Wednesday, March 6, 2013

SA firm buys stake in insurer for Sh200m

 Pan Africa Life Insurance chairman John Simba (left) with Sanlam Development Market CEO John Van Zyl (right) and Housing Finance MD Frank Ireri during a cocktail in honour of Mr Van Zyl in Nairobi in 2010. Photo/File
Pan Africa Life Insurance chairman John Simba (left) with Sanlam Development Market CEO John Van Zyl (right) and Housing Finance MD Frank Ireri during a cocktail in honour of Mr Van Zyl in Nairobi in 2010. Photo/File  
By VICTOR JUMA

Posted  Tuesday, March 5  2013 at  19:57
In Summary
  • Sanlam plans to raise its stake in the insurer to 60 per cent from the 50 per cent it held in December 2011.
  • The South African firm said the share acquisition is aimed at gaining control of the insurer’s strategic direction.

South African firm Sanlam Holdings has invested over Sh200 million to acquire a 5.6 per cent stake in Pan Africa Insurance Holdings over the past one year.

Sanlam plans to raise its stake in the insurer to 60 per cent from the 50 per cent it held in December 2011, with the share purchases helping small investors to exit at a premium.

The South African firm said the share acquisition is aimed at gaining control of the insurer’s strategic direction.

Pan Africa’s shares have more than doubled in value over the past 12 months to trade at Sh49.5 as Sanlam’s purchases drive up demand amid declining liquidity of the stock.

Regulatory disclosures to the Capital Markets Authority show that Sanlam’s local subsidiary, Hubris, has raised its stake in Pan Africa to 55.6 per cent in January from 50 per cent in December 2011.

The bulk of the shares were bought in the second half of last year when the stock traded between Sh35 and Sh41, placing its average price at Sh37.

Hubris’ absolute holdings of Pan Africa shares increased from 48 million to 53.4 million, with the firm paying more than Sh200 million to acquire the additional shares at the Nairobi Securities Exchange.

Analysts say Pan Africa’s stock is gaining from its good performance and Sanlam’s share purchases are set to further reduce liquidity of the stock.

“Both Sanlam and small investors are in the market seeking to buy shares in the company for control and dividend respectively,” said Vimal Parmar, head of research at Burbidge Capital.

“Investors are willing to pay a premium for the stock to gain from its recent good performance,” he said, adding that the rising demand had provided an opportunity for older investors to exit at a profit.

Among the institutional investors that have exited or reduced their shareholding in the company are Kacher Kenya Limited and Thammo Holdings.

Kacher, which held 5.2 million shares in Pan Africa in December 2011, has now disappeared from the company’s list of top shareholders.
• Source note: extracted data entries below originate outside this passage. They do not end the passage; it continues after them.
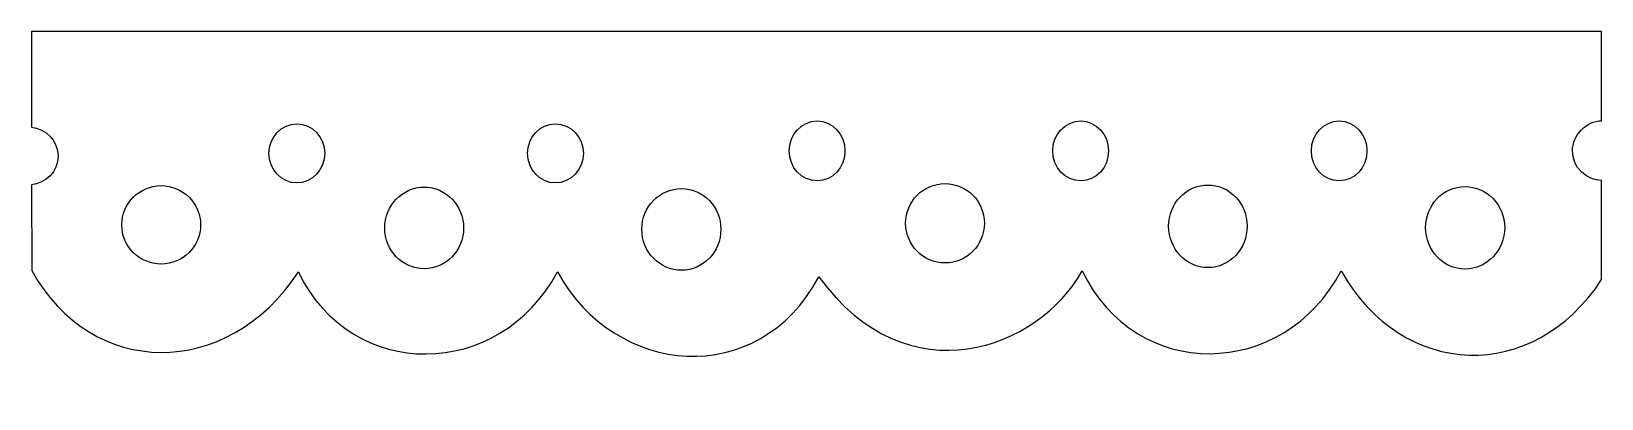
# Model space of a CAD drawing. Header units: centimetres. Extents: x -7.4 to 5.3, y 1.2 to 4.2.
import ezdxf

# ---------------------------------------------------------------- set-up
doc = ezdxf.new("R2010")
doc.units = ezdxf.units.CM
doc.header["$MEASUREMENT"] = 0
doc.layers.add('Layer 1', color=7, linetype='Continuous')

msp = doc.modelspace()

# ---------------------------------------------------------------- linework, layer by layer
at = {"layer": 'Layer 1', "color": 9}
for points, knots in [([(-3.11097, 2.24755), (-3.57822, 1.37243), (-4.77415, 1.35618), (-5.20454, 2.24755), (-5.20454, 2.24755), (-5.77399, 1.37381), (-6.88097, 1.38518), (-7.35857, 2.25893), (-7.35857, 2.25893), (-7.35857, 2.25893), (-7.36224, 2.95254), (-7.36224, 2.95254), (-7.36224, 2.95254), (-7.24741, 2.96365), (-7.14693, 3.0584), (-7.14693, 3.18279), (-7.14693, 3.18279), (-7.14693, 3.30798), (-7.24648, 3.40771), (-7.36224, 3.41778), (-7.36224, 3.41778), (-7.36224, 3.41778), (-7.36224, 4.1916), (-7.36224, 4.1916), (-7.36224, 4.1916), (-7.36224, 4.1916), (5.32976, 4.1916), (5.32976, 4.1916), (5.32976, 4.1916), (5.32976, 4.1916), (5.32976, 3.47), (5.32976, 3.47), (5.32976, 3.47), (5.20782, 3.46688), (5.09383, 3.35683), (5.09383, 3.22551), (5.09383, 3.22551), (5.09383, 3.09418), (5.20781, 2.98894), (5.32976, 2.98577), (5.32976, 2.98577), (5.32976, 2.98577), (5.32976, 2.18584), (5.32976, 2.18584), (5.32976, 2.18584), (4.78254, 1.3486), (3.72071, 1.37371), (3.22474, 2.25705), (3.22474, 2.25705), (2.75749, 1.37232), (1.56156, 1.35589), (1.13117, 2.25705), (1.13117, 2.25705), (0.78033, 1.62401), (-0.27837, 1.22458), (-0.99676, 2.2072), (-0.99676, 2.2072), (-1.48948, 1.29644), (-2.64036, 1.3983), (-3.11095, 2.24755), (-3.11095, 2.24755), (-3.11095, 2.24755), (-3.11097, 2.24755), (-3.11097, 2.24755)], [0, 0, 0, 0, 0.05882353, 0.05882353, 0.05882353, 0.05882353, 0.11764706, 0.11764706, 0.11764706, 0.11764706, 0.17647059, 0.17647059, 0.17647059, 0.17647059, 0.23529412, 0.23529412, 0.23529412, 0.23529412, 0.29411765, 0.29411765, 0.29411765, 0.29411765, 0.35294118, 0.35294118, 0.35294118, 0.35294118, 0.41176471, 0.41176471, 0.41176471, 0.41176471, 0.47058824, 0.47058824, 0.47058824, 0.47058824, 0.52941176, 0.52941176, 0.52941176, 0.52941176, 0.58823529, 0.58823529, 0.58823529, 0.58823529, 0.64705882, 0.64705882, 0.64705882, 0.64705882, 0.70588235, 0.70588235, 0.70588235, 0.70588235, 0.76470588, 0.76470588, 0.76470588, 0.76470588, 0.82352941, 0.82352941, 0.82352941, 0.82352941, 0.88235294, 0.88235294, 0.88235294, 0.88235294, 1, 1, 1, 1]), ([(-5.21599, 2.96689), (-5.09147, 2.96689), (-4.99152, 3.07477), (-4.99152, 3.20663), (-4.99152, 3.20663), (-4.99152, 3.33849), (-5.09148, 3.444), (-5.21599, 3.444), (-5.21599, 3.444), (-5.34051, 3.444), (-5.44276, 3.33849), (-5.44276, 3.20663), (-5.44276, 3.20663), (-5.44276, 3.07477), (-5.34051, 2.96689), (-5.21599, 2.96689)], [0, 0, 0, 0, 0.2, 0.2, 0.2, 0.2, 0.4, 0.4, 0.4, 0.4, 0.6, 0.6, 0.6, 0.6, 1, 1, 1, 1]), ([(-3.127, 2.96689), (-3.00248, 2.96689), (-2.90023, 3.07477), (-2.90023, 3.20663), (-2.90023, 3.20663), (-2.90023, 3.33849), (-3.00248, 3.444), (-3.127, 3.444), (-3.127, 3.444), (-3.25152, 3.444), (-3.35148, 3.33849), (-3.35148, 3.20663), (-3.35148, 3.20663), (-3.35148, 3.07477), (-3.25152, 2.96689), (-3.127, 2.96689)], [0, 0, 0, 0, 0.2, 0.2, 0.2, 0.2, 0.4, 0.4, 0.4, 0.4, 0.6, 0.6, 0.6, 0.6, 1, 1, 1, 1]), ([(-1.01052, 2.98351), (-0.886, 2.98351), (-0.78605, 3.09231), (-0.78605, 3.22562), (-0.78605, 3.22562), (-0.78605, 3.35893), (-0.88601, 3.46773), (-1.01052, 3.46773), (-1.01052, 3.46773), (-1.13504, 3.46773), (-1.23729, 3.35893), (-1.23729, 3.22562), (-1.23729, 3.22562), (-1.23729, 3.09231), (-1.13504, 2.98351), (-1.01052, 2.98351)], [0, 0, 0, 0, 0.2, 0.2, 0.2, 0.2, 0.4, 0.4, 0.4, 0.4, 0.6, 0.6, 0.6, 0.6, 1, 1, 1, 1]), ([(1.1197, 2.98351), (1.24422, 2.98351), (1.34417, 3.09231), (1.34417, 3.22562), (1.34417, 3.22562), (1.34417, 3.35893), (1.24421, 3.46773), (1.1197, 3.46773), (1.1197, 3.46773), (0.99518, 3.46773), (0.89293, 3.35893), (0.89293, 3.22562), (0.89293, 3.22562), (0.89293, 3.09231), (0.99518, 2.98351), (1.1197, 2.98351)], [0, 0, 0, 0, 0.2, 0.2, 0.2, 0.2, 0.4, 0.4, 0.4, 0.4, 0.6, 0.6, 0.6, 0.6, 1, 1, 1, 1]), ([(3.20869, 2.98351), (3.33321, 2.98351), (3.43316, 3.09231), (3.43316, 3.22562), (3.43316, 3.22562), (3.43316, 3.35893), (3.3332, 3.46773), (3.20869, 3.46773), (3.20869, 3.46773), (3.08417, 3.46773), (2.98421, 3.35893), (2.98421, 3.22562), (2.98421, 3.22562), (2.98421, 3.09231), (3.08417, 2.98351), (3.20869, 2.98351)], [0, 0, 0, 0, 0.2, 0.2, 0.2, 0.2, 0.4, 0.4, 0.4, 0.4, 0.6, 0.6, 0.6, 0.6, 1, 1, 1, 1]), ([(-6.31317, 2.31175), (-6.13702, 2.31175), (-5.99478, 2.4525), (-5.99478, 2.62745), (-5.99478, 2.62745), (-5.99478, 2.8024), (-6.13702, 2.94552), (-6.31317, 2.94552), (-6.31317, 2.94552), (-6.48932, 2.94552), (-6.63156, 2.80239), (-6.63156, 2.62745), (-6.63156, 2.62745), (-6.63156, 2.4525), (-6.48932, 2.31175), (-6.31317, 2.31175)], [0, 0, 0, 0, 0.2, 0.2, 0.2, 0.2, 0.4, 0.4, 0.4, 0.4, 0.6, 0.6, 0.6, 0.6, 1, 1, 1, 1]), ([(-4.18753, 2.27377), (-4.01138, 2.27377), (-3.86914, 2.42162), (-3.86914, 2.60371), (-3.86914, 2.60371), (-3.86914, 2.7858), (-4.01138, 2.93365), (-4.18753, 2.93365), (-4.18753, 2.93365), (-4.36368, 2.93365), (-4.50592, 2.7858), (-4.50592, 2.60371), (-4.50592, 2.60371), (-4.50592, 2.42162), (-4.36368, 2.27377), (-4.18753, 2.27377)], [0, 0, 0, 0, 0.2, 0.2, 0.2, 0.2, 0.4, 0.4, 0.4, 0.4, 0.6, 0.6, 0.6, 0.6, 1, 1, 1, 1]), ([(-2.1077, 2.2618), (-1.93155, 2.2618), (-1.78931, 2.40965), (-1.78931, 2.59174), (-1.78931, 2.59174), (-1.78931, 2.77383), (-1.93155, 2.92168), (-2.1077, 2.92168), (-2.1077, 2.92168), (-2.28385, 2.92168), (-2.42838, 2.77383), (-2.42838, 2.59174), (-2.42838, 2.59174), (-2.42838, 2.40965), (-2.28385, 2.2618), (-2.1077, 2.2618)], [0, 0, 0, 0, 0.2, 0.2, 0.2, 0.2, 0.4, 0.4, 0.4, 0.4, 0.6, 0.6, 0.6, 0.6, 1, 1, 1, 1]), ([(0.02252, 2.32125), (0.19867, 2.32125), (0.34091, 2.46483), (0.34091, 2.6417), (0.34091, 2.6417), (0.34091, 2.81857), (0.19867, 2.96215), (0.02252, 2.96215), (0.02252, 2.96215), (-0.15363, 2.96215), (-0.29587, 2.81857), (-0.29587, 2.6417), (-0.29587, 2.6417), (-0.29587, 2.46483), (-0.15363, 2.32125), (0.02252, 2.32125)], [0, 0, 0, 0, 0.2, 0.2, 0.2, 0.2, 0.4, 0.4, 0.4, 0.4, 0.6, 0.6, 0.6, 0.6, 1, 1, 1, 1]), ([(2.14816, 2.28327), (2.32431, 2.28327), (2.46426, 2.43387), (2.46426, 2.61796), (2.46426, 2.61796), (2.46426, 2.80205), (2.32431, 2.95028), (2.14816, 2.95028), (2.14816, 2.95028), (1.97201, 2.95028), (1.82977, 2.80206), (1.82977, 2.61796), (1.82977, 2.61796), (1.82977, 2.43387), (1.97201, 2.28327), (2.14816, 2.28327)], [0, 0, 0, 0, 0.2, 0.2, 0.2, 0.2, 0.4, 0.4, 0.4, 0.4, 0.6, 0.6, 0.6, 0.6, 1, 1, 1, 1]), ([(4.2257, 2.27129), (4.40185, 2.27129), (4.54638, 2.42189), (4.54638, 2.60598), (4.54638, 2.60598), (4.54638, 2.79007), (4.40185, 2.9383), (4.2257, 2.9383), (4.2257, 2.9383), (4.04955, 2.9383), (3.90731, 2.79008), (3.90731, 2.60598), (3.90731, 2.60598), (3.90731, 2.42189), (4.04955, 2.27129), (4.2257, 2.27129)], [0, 0, 0, 0, 0.2, 0.2, 0.2, 0.2, 0.4, 0.4, 0.4, 0.4, 0.6, 0.6, 0.6, 0.6, 1, 1, 1, 1])]:
    msp.add_open_spline(points, degree=3, knots=knots, dxfattribs=at)

doc.saveas('drawing.dxf')

Thammo’s shareholding dropped from 1.3 million to 457,900 in the same period.

The institutions are selling to Sanlam and local individual investors whose purchases have been linked to Pan Africa’s strong performance in the half year ended June 2012.

The insurer’s net profit trebled to Sh218.3 million in the period compared to Sh73 million a year earlier as gross written premiums surged 75.7 per cent to Sh3.2 billion.

Its investment income rose six times to Sh1.1 billion from Sh157.2 million, driven by higher valuations of its investment portfolio including equities.

Analysts at NIC Securities say Pan Africa’s performance will in the short term also benefit from its sales of properties in Runda Estate.

The rush for its shares is set to further reduce its liquidity, making it difficult for investors to exit and extending the share price rally.

The firm’s shares available for trading — excluding Sanlam Holdings — have dropped from 48 million to 42.5 million.

Once the South African firm completes its full acquisition of the 10 per cent stake or 9.5 million shares, the tradable stocks will stand at 42.6 million.

Its 60 per cent stake will be six percentage points below the maximum shareholding of 66 per cent allowed to a foreign investor in a local insurer under Kenyan laws.

The company said the bigger stake would give it enough voting rights to make material changes, a pointer to a shake-up of the Pan Africa Insurance board and a review of its business operations.